[[ THE DATA, beginning ]]

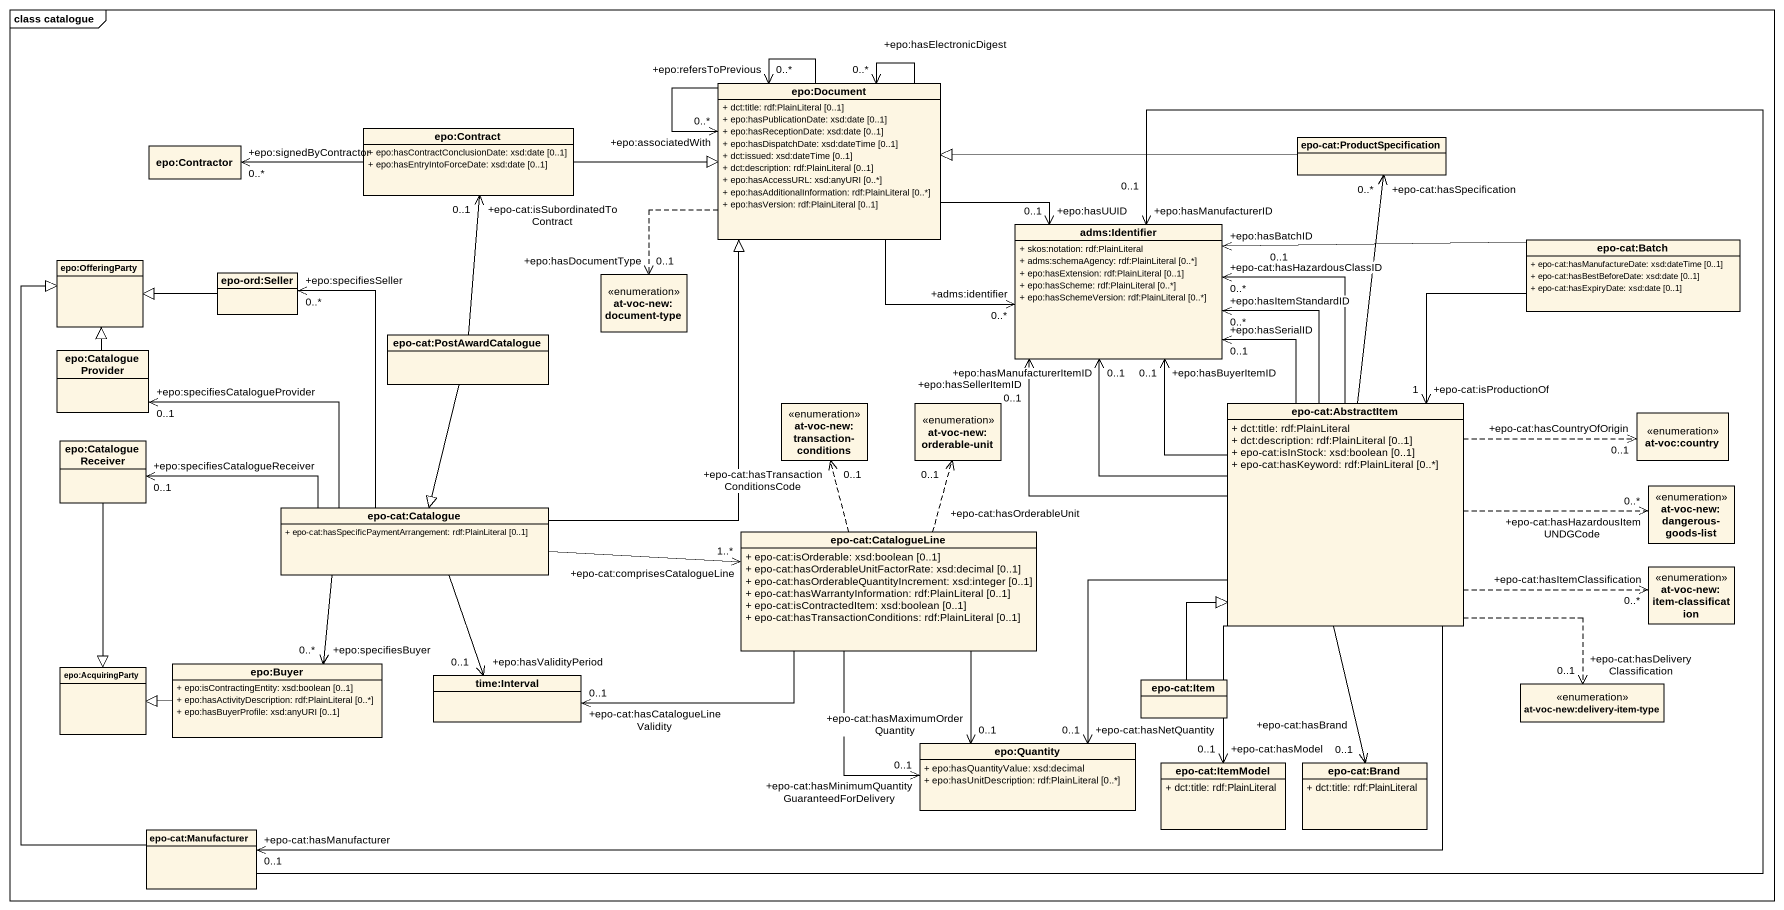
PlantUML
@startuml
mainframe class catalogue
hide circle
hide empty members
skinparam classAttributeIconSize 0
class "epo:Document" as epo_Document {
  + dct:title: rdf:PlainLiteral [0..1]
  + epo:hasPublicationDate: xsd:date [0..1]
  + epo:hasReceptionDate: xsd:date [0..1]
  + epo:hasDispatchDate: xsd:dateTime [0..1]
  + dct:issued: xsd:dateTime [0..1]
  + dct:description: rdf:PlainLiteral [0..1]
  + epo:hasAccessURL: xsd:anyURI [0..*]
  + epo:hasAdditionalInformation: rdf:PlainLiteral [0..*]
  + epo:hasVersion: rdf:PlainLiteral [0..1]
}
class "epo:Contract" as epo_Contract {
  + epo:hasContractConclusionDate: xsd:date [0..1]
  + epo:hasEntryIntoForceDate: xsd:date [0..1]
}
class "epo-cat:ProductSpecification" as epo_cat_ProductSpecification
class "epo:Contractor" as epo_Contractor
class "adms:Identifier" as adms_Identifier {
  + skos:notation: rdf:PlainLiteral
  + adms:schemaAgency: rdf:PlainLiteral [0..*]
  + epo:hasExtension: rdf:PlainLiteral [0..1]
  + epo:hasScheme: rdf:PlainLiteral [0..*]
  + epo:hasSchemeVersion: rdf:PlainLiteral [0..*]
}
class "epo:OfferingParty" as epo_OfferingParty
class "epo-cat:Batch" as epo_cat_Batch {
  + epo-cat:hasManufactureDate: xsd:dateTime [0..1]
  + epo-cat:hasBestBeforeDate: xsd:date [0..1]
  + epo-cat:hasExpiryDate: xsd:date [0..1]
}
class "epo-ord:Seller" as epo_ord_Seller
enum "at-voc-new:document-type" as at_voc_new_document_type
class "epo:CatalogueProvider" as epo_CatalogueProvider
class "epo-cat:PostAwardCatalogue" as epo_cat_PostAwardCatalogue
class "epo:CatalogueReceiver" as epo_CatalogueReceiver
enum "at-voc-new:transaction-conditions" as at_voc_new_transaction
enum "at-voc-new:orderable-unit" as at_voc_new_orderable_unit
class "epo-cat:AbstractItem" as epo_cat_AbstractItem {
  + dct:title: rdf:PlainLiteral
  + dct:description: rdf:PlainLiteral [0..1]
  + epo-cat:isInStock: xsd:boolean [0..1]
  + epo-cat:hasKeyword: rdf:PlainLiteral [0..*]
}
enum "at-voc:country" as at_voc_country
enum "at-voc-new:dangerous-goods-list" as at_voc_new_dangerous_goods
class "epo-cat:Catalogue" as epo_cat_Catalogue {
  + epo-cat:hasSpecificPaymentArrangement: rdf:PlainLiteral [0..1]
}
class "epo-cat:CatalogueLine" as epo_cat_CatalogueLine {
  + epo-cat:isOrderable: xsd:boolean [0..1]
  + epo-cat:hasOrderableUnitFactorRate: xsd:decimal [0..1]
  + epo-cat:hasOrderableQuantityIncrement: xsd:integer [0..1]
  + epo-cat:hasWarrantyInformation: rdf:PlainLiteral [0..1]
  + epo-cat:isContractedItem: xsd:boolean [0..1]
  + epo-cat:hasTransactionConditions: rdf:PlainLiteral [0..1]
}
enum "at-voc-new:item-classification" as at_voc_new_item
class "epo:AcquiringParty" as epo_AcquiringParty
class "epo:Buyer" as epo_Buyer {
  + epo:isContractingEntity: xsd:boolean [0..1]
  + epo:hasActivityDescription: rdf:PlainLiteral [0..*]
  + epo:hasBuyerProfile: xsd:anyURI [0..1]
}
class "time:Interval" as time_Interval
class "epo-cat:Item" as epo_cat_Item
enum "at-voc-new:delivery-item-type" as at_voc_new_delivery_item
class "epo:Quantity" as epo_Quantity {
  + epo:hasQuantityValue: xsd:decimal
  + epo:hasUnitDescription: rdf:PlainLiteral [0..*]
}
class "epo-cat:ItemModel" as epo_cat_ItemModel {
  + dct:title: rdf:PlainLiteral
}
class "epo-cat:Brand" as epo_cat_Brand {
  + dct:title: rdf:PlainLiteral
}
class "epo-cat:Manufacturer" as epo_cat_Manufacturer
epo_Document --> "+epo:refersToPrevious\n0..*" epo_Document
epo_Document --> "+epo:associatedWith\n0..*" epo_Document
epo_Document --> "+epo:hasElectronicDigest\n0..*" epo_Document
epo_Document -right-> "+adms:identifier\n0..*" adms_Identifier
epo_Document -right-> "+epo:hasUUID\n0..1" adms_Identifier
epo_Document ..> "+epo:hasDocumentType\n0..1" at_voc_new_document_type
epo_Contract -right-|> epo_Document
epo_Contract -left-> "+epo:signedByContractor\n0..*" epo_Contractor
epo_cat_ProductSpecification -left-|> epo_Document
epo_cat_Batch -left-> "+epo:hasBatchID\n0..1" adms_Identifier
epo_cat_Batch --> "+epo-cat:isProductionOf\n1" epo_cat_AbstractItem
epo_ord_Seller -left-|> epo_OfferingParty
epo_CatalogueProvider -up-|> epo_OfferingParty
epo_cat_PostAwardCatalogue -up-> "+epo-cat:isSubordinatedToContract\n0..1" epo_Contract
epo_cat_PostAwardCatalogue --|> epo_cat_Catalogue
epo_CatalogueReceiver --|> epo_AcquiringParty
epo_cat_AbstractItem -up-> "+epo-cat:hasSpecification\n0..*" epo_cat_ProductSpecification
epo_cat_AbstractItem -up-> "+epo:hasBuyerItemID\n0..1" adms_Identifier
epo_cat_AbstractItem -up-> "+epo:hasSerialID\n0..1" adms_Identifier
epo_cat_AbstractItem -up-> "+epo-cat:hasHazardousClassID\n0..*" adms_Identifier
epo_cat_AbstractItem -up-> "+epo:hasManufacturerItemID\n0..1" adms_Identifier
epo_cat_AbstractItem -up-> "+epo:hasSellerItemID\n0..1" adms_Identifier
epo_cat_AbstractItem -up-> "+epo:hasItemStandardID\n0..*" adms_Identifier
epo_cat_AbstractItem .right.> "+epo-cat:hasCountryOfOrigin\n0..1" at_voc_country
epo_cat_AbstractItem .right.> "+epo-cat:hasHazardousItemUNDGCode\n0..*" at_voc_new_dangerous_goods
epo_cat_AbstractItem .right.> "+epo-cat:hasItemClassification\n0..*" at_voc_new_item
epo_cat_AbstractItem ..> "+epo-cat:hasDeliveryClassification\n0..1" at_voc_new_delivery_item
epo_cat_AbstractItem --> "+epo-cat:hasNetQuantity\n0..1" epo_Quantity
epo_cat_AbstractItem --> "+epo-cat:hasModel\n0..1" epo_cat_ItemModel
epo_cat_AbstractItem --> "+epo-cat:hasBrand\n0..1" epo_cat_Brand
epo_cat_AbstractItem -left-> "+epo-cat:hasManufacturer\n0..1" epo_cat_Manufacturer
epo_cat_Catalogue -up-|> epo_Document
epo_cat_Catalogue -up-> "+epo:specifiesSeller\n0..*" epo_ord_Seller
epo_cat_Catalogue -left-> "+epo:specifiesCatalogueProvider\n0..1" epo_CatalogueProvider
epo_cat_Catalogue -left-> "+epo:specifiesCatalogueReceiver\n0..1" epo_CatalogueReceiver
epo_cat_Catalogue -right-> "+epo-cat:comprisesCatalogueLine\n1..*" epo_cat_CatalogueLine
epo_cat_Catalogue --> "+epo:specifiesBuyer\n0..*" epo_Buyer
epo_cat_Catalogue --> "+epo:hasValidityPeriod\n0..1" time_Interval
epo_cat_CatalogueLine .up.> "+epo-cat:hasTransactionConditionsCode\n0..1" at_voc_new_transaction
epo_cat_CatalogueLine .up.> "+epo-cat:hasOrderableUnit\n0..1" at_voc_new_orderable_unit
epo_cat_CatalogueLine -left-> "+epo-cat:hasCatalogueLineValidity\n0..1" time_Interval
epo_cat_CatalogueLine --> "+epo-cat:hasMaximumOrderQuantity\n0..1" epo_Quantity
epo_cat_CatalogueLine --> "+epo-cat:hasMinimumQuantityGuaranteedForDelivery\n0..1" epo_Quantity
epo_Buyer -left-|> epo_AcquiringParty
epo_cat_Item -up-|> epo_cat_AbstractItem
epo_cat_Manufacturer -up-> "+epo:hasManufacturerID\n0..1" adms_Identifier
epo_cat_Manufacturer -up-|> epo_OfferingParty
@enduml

[[ THE DATA, end ]]

▸ EXERCISE
All lines with the word "enum" need to be copied from the data above.

▸ RESPONSE TO THE TASK
enum "at-voc-new:document-type" as at_voc_new_document_type
enum "at-voc-new:transaction-conditions" as at_voc_new_transaction
enum "at-voc-new:orderable-unit" as at_voc_new_orderable_unit
enum "at-voc:country" as at_voc_country
enum "at-voc-new:dangerous-goods-list" as at_voc_new_dangerous_goods
enum "at-voc-new:item-classification" as at_voc_new_item
enum "at-voc-new:delivery-item-type" as at_voc_new_delivery_item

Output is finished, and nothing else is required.